Sobi® has announced that the U.S. Food and Drug Administration (FDA) has approved Gamifant® (emapalumab-lzsg) for adult and pediatric patients (newborn and older) suffering from hemophagocytic lymphohistiocytosis (HLH)/macrophage activation syndrome (MAS) associated with Still’s disease, including systemic Juvenile Idiopathic Arthritis (sJIA). This approval specifically targets patients who have shown an inadequate response or intolerance to glucocorticoids, or who experience recurrent MAS.

This marks a significant milestone as Gamifant becomes the first FDA-approved treatment specifically for MAS in Still's disease. Sobi understands the urgency in managing MAS to improve patient outcomes, and with this approval, the company anticipates a positive impact for patients affected by MAS in Still's Disease. Gamifant is already an established therapy for primary HLH, and this expanded approval further solidifies its role in addressing critical unmet medical needs.

The FDA's decision is supported by a pooled analysis of data from two pivotal studies, the Phase 3 study (NCT05001737) and NI-0501-06 (NCT03311854). The results demonstrated compelling efficacy, with 54% of patients (21 out of 39) achieving a complete response by Week 8. Furthermore, 82% of patients (32 out of 39) achieved clinical MAS remission (VAS ≤1 cm) by Week 8. The safety and tolerability profile of Gamifant remained consistent with previous clinical studies. The most common adverse events observed in patients with HLH/MAS in Still’s disease (occurring in ≥20% of patients) included viral infections, such as cytomegalovirus infection or reactivation, and rash.

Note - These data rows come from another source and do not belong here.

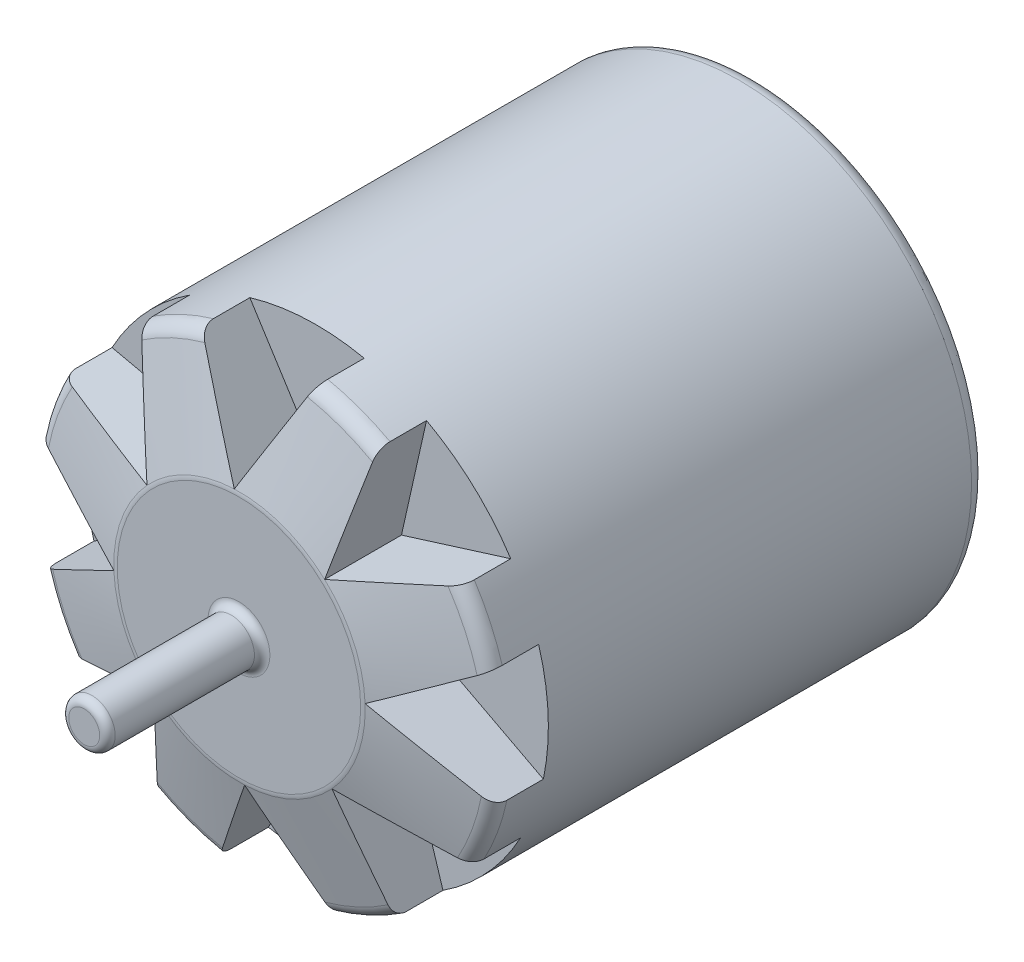
SolidWorks part; units mm, degrees
ref_plane "Front Plane" through (0, 0, 0) normal (0, 0, 1) x (1, 0, 0)
ref_plane "Top Plane" through (0, 0, 0) normal (0, 1, 0) x (1, 0, 0)
ref_plane "Right Plane" through (0, 0, 0) normal (1, 0, 0) x (0, 0, -1)
sketch "Sketch1" plane through (0, 0, 0) normal (0, 0, 1) x (1, 0, 0)
  circle A0 centre (0, 0) radius 15
  dimension "D1" = 30
extrude "Boss-Extrude1" add sketch "Sketch1" along normal blind 35
chamfer "Chamfer1" distance 7 angle 15 1 edges at (15, 0, 0)
fillet "Fillet1" radius 1 2 edges at (15, 0, 1.8756) (8, 0, 0)
sketch "Sketch2" plane through (0, 0, 35) normal (0, 0, 1) x (1, 0, 0)
  circle A0 centre (0, 0) radius 1.5
extrude "Boss-Extrude2" add sketch "Sketch2" along normal blind 10
chamfer "Chamfer2" distance 7 angle 15 1 edges at (15, 0, 35)
fillet "Fillet2" radius 1 2 edges at (8, 0, 35) (15, 0, 33.1244)
sketch "Sketch3" plane through (0, 0, 35) normal (0, 0, 1) x (1, 0, 0)
  line L28 (-0.3348, 8.1203) -> (-4.296, 14.3716)
  line L30 (3.0984, 14.6765) -> (-0.3348, 8.1203)
  line L31 (12.5688, 8.1869) -> (5.5052, 5.9786)
  line L32 (5.5052, 5.9786) -> (7.1245, 13.2)
  line L33 (14.6765, -3.0984) -> (8.1203, 0.3348)
  line L34 (8.1203, 0.3348) -> (14.3716, 4.296)
  line L35 (8.1869, -12.5688) -> (5.9786, -5.5052)
  line L36 (5.9786, -5.5052) -> (13.2, -7.1245)
  line L37 (-3.0984, -14.6765) -> (0.3348, -8.1203)
  line L38 (0.3348, -8.1203) -> (4.296, -14.3716)
  line L39 (-12.5688, -8.1869) -> (-5.5052, -5.9786)
  line L40 (-5.5052, -5.9786) -> (-7.1245, -13.2)
  line L41 (-14.6765, 3.0984) -> (-8.1203, -0.3348)
  line L42 (-8.1203, -0.3348) -> (-14.3716, -4.296)
  line L43 (-8.1869, 12.5688) -> (-5.9786, 5.5052)
  line L44 (-5.9786, 5.5052) -> (-13.2, 7.1245)
  circle A0 centre (0, 0) radius 8.1272 construction
  circle A1 centre (0, 0) radius 15 construction
  arc A2 (7.1245, 13.2) -> (12.5688, 8.1869) centre (0, 0) cw
  arc A3 (14.3716, 4.296) -> (14.6765, -3.0984) centre (0, 0) cw
  arc A16 (-4.296, 14.3716) -> (3.0984, 14.6765) centre (0, 0) cw
  arc A17 (13.2, -7.1245) -> (8.1869, -12.5688) centre (0, 0) cw
  arc A18 (4.296, -14.3716) -> (-3.0984, -14.6765) centre (0, 0) cw
  arc A19 (-7.1245, -13.2) -> (-12.5688, -8.1869) centre (0, 0) cw
  arc A20 (-14.3716, -4.296) -> (-14.6765, 3.0984) centre (0, 0) cw
  arc A21 (-13.2, 7.1245) -> (-8.1869, 12.5688) centre (0, 0) cw
  dimension "D1" = 60
extrude "Cut-Extrude2" cut sketch "Sketch3" against normal blind 5
fillet "Fillet4" radius 0.5 1 edges at (1.5, 0, 45)
fillet "Fillet5" radius 0.5 1 edges at (1.5, 0, 35)

MAS in Still’s disease is a serious, potentially life-threatening complication characterized by severe hyperinflammation and potential multi-organ failure. A significant unmet medical need exists for both adult and pediatric patients with MAS. The availability of Gamifant provides a new therapeutic option to help control hyperinflammation and reduce reliance on high-dose glucocorticoids.

MAS is a severe complication of rheumatic diseases, most frequently observed in Still’s disease, which encompasses systemic juvenile idiopathic arthritis (sJIA) and adult-onset Still's disease. It is classified as a secondary form of hemophagocytic lymphohistiocytosis (HLH). HLH/MAS is a rare systemic disorder driven by uncontrolled interferon gamma (IFNγ) hyperinflammation, leading to symptoms such as persistent high fever, elevated ferritin, cytopenias, coagulopathies, and hepatosplenomegaly. Without effective treatment, MAS can progress to multiple organ failure and be fatal.

Gamifant (emapalumab-lzsg) is a monoclonal antibody that specifically targets and neutralizes interferon gamma (IFNγ). By blocking IFNγ, Gamifant counteracts the uncontrolled hyperinflammation characteristic of MAS. It is administered via intravenous infusion over one hour. Gamifant had previously been approved in the U.S. for the treatment of adult and pediatric patients with primary HLH who have refractory, recurrent, or progressive disease, or intolerance to conventional HLH therapy. This new approval expands its indications to address the critical needs of patients with MAS in Still's disease.

Sobi, the global biopharma company behind Gamifant, is dedicated to unlocking breakthrough innovations to transform the lives of individuals living with rare diseases.